**What needs to be done**:
Work out how many lines in the entries below include the word "VECTOR". Give nothing but the number.

==*==

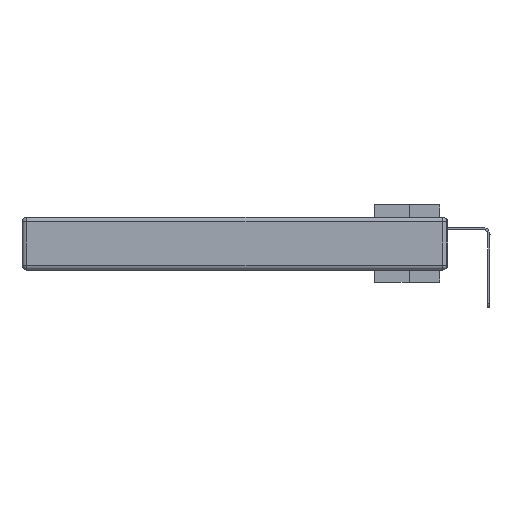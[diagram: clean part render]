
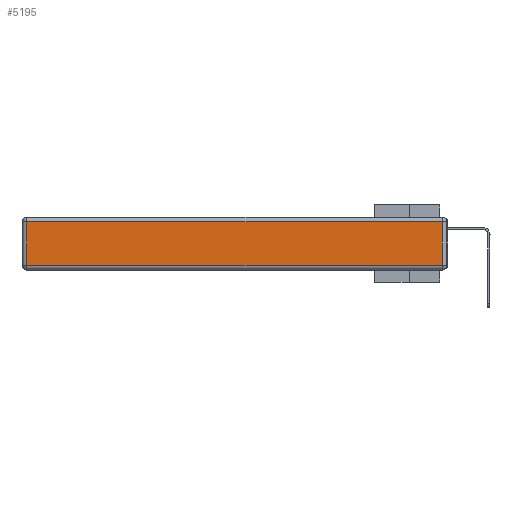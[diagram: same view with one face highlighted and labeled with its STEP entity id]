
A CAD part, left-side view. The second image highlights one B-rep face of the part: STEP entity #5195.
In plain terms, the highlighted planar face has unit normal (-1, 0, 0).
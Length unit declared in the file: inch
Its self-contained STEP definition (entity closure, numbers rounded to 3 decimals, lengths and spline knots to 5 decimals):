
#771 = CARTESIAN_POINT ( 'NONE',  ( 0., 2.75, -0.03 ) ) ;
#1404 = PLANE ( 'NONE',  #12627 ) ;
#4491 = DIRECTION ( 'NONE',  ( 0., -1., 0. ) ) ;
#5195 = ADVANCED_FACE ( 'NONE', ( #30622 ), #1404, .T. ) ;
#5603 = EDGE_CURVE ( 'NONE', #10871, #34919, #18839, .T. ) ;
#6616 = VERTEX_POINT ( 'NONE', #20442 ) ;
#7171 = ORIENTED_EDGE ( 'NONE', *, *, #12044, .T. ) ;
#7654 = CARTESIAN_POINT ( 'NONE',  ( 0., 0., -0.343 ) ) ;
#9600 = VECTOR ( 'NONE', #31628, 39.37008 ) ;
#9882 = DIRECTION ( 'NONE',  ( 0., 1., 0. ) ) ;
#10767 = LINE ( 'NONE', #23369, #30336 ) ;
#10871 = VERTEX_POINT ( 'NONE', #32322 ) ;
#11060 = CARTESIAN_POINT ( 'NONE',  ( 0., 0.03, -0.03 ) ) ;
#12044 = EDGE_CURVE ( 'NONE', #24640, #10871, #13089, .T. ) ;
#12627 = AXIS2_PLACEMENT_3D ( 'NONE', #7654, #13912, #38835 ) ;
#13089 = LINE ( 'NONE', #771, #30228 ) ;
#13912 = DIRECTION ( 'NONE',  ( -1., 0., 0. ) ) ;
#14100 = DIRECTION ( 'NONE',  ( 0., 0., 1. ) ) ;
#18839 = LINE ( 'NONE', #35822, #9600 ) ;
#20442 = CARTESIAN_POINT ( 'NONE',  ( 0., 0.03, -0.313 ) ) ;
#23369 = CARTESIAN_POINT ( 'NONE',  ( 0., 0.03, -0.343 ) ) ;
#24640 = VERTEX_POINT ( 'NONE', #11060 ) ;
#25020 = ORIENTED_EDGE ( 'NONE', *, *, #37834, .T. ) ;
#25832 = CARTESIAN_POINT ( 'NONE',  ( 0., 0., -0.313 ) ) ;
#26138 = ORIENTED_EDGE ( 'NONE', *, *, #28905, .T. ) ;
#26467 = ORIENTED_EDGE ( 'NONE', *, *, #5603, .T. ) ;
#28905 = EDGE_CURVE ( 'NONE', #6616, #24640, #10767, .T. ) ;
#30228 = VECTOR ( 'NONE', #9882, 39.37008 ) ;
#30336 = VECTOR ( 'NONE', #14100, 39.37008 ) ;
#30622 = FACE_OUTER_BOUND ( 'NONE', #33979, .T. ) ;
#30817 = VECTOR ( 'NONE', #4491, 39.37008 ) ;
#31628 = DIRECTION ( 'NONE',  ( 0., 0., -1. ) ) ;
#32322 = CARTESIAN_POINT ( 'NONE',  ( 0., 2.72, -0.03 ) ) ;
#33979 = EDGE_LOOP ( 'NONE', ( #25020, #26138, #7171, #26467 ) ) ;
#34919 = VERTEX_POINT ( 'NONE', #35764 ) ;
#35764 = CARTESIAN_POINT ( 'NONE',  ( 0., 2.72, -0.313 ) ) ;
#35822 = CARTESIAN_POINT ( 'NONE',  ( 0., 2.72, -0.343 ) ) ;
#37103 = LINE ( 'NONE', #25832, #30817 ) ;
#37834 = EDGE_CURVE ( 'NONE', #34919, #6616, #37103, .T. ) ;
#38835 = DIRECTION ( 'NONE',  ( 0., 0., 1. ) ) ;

==*==

**Answer for this exercise**:
4